● Task objective: Read the records below and report each line in which "unit" occurs.
------------------------------------------------------------
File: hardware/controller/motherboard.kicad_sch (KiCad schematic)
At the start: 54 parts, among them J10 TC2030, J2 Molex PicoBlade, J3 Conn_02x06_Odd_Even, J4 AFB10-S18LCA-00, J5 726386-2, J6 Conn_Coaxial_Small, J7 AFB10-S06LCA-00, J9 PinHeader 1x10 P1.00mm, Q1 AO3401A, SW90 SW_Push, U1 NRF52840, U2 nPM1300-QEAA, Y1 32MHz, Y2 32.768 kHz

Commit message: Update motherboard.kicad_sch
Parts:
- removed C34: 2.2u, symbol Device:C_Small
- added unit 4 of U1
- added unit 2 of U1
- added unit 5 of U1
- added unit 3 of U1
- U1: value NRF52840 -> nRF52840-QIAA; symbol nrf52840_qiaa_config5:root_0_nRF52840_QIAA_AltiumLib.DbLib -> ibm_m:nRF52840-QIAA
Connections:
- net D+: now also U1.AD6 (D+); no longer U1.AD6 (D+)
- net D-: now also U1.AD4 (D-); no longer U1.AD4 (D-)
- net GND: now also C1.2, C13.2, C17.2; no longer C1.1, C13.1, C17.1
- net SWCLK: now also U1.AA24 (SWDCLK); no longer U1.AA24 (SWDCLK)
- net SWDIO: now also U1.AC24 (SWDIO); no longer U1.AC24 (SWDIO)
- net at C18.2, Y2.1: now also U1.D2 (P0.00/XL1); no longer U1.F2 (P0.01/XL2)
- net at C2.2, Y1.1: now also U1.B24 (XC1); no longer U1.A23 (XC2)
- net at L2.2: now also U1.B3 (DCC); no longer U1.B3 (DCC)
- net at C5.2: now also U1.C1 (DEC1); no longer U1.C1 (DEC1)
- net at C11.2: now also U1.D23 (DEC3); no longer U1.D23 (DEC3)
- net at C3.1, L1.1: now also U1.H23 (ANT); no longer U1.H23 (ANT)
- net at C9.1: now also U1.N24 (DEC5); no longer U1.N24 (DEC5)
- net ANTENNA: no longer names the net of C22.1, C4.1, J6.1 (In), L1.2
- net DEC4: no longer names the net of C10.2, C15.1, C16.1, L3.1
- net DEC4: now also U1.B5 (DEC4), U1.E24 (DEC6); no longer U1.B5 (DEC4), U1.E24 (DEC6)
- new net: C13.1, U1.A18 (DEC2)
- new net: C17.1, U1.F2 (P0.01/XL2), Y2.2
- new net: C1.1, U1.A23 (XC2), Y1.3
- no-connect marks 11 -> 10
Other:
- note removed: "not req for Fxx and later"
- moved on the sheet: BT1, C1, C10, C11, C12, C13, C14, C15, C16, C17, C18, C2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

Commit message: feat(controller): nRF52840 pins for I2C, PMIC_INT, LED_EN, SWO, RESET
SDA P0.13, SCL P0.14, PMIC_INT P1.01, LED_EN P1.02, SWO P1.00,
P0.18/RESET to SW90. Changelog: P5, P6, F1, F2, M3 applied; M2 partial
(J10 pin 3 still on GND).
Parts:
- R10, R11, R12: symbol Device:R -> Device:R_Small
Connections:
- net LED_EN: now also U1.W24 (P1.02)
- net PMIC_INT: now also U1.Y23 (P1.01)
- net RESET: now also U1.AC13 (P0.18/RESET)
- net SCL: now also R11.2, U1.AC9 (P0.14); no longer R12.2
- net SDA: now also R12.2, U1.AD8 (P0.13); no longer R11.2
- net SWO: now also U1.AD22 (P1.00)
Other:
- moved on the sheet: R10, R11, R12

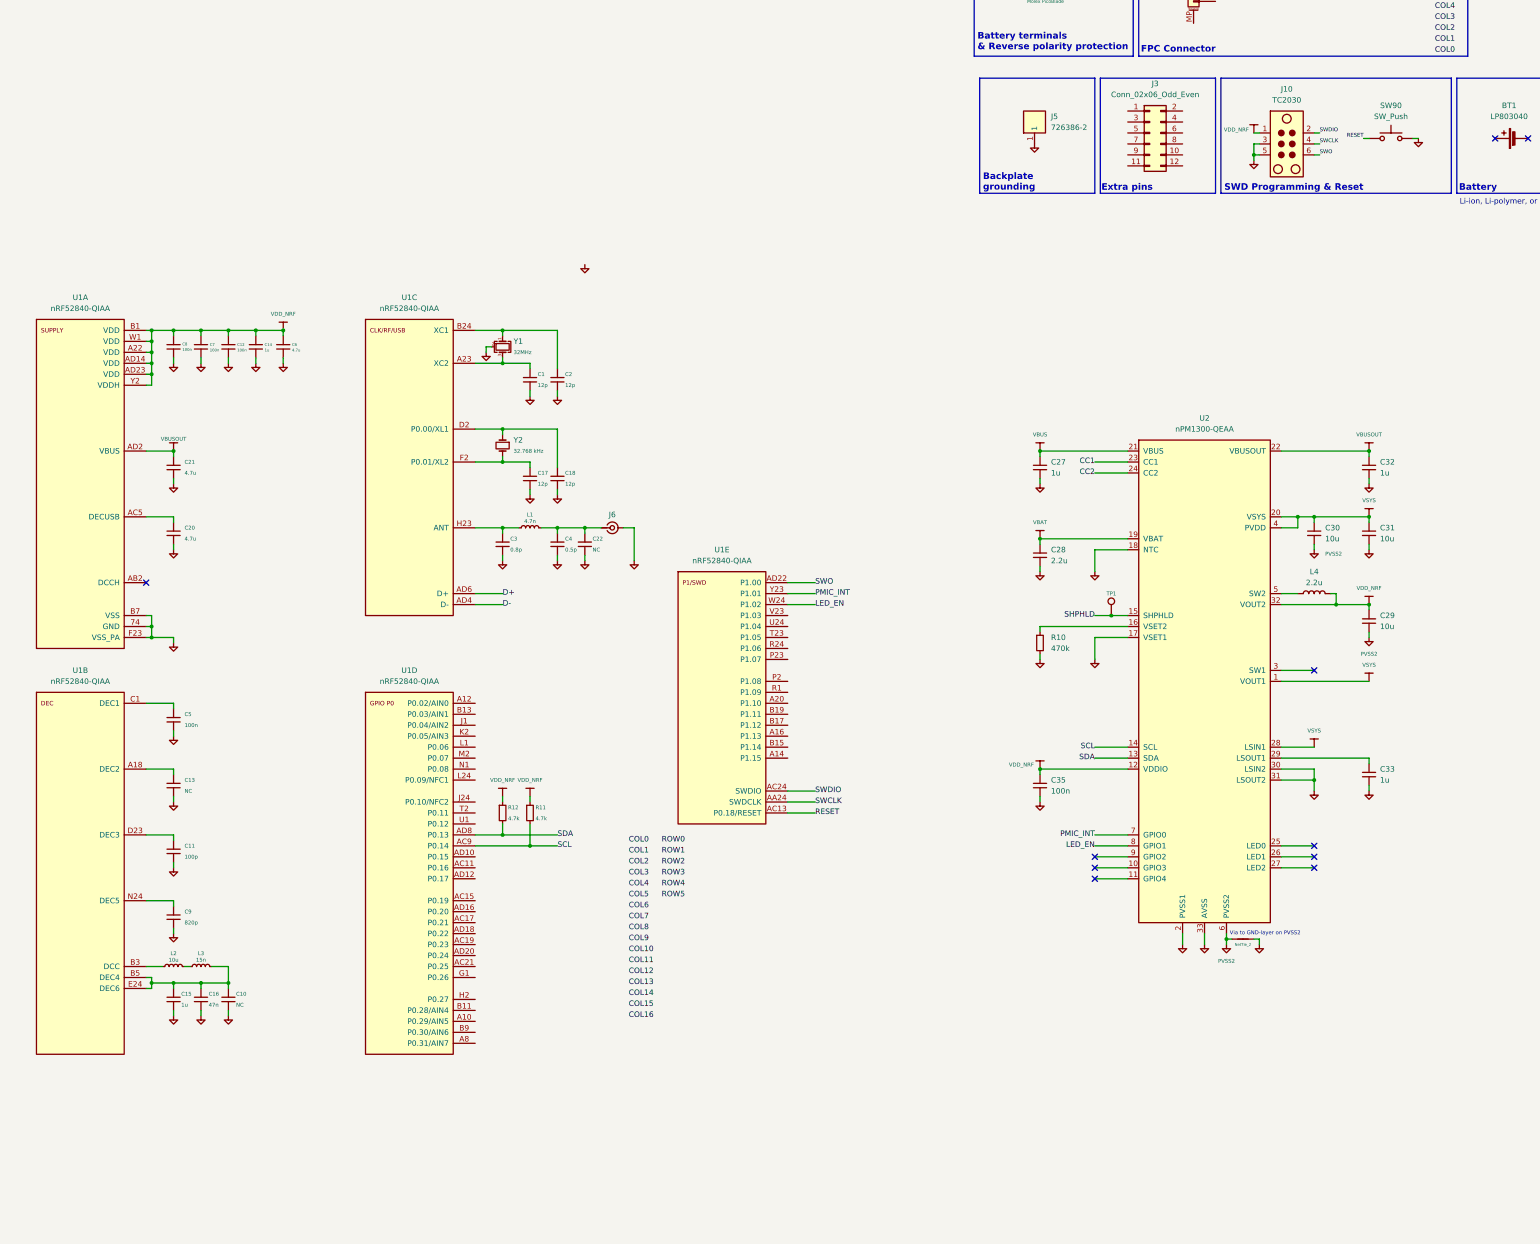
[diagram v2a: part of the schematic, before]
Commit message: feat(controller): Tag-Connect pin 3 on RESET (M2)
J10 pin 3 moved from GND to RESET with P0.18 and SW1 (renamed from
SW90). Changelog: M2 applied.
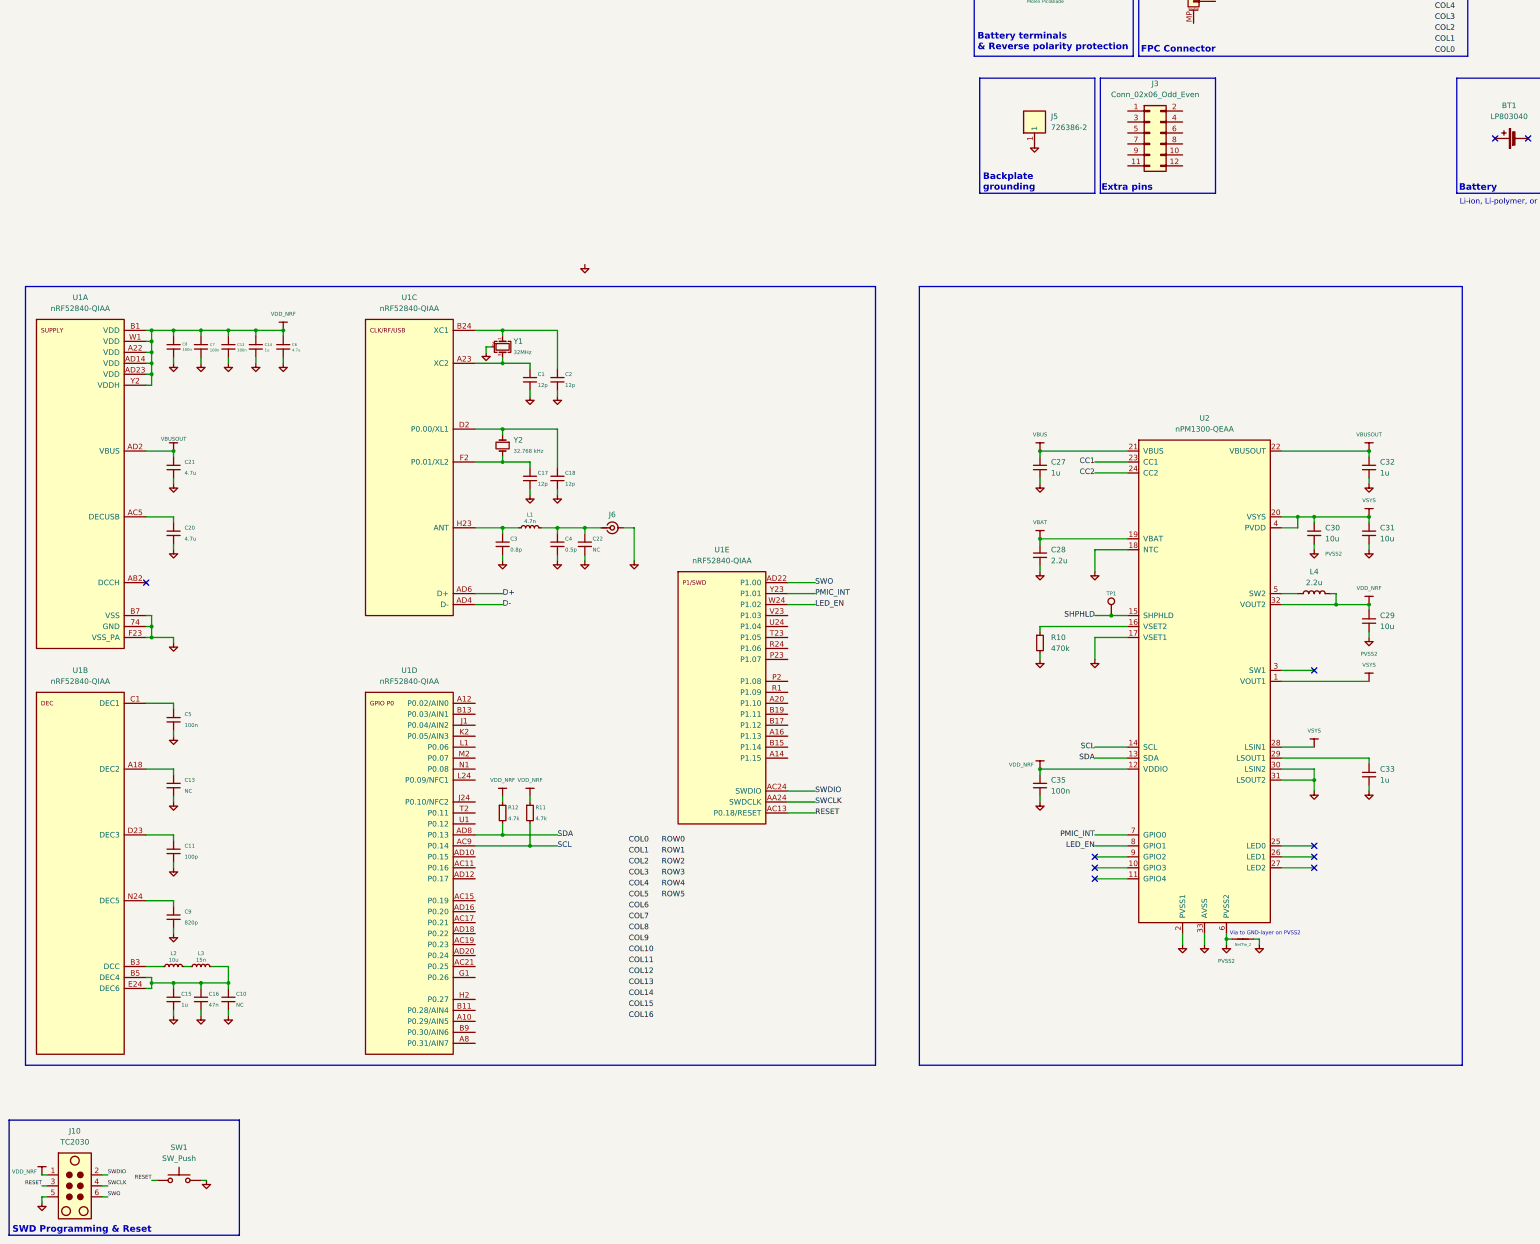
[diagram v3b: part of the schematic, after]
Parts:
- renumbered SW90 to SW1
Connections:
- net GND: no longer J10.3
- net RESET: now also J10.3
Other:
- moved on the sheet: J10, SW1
------------------------------------------------------------
● Answer to this problem:
- added unit 4 of U1
- added unit 2 of U1
- added unit 5 of U1
- added unit 3 of U1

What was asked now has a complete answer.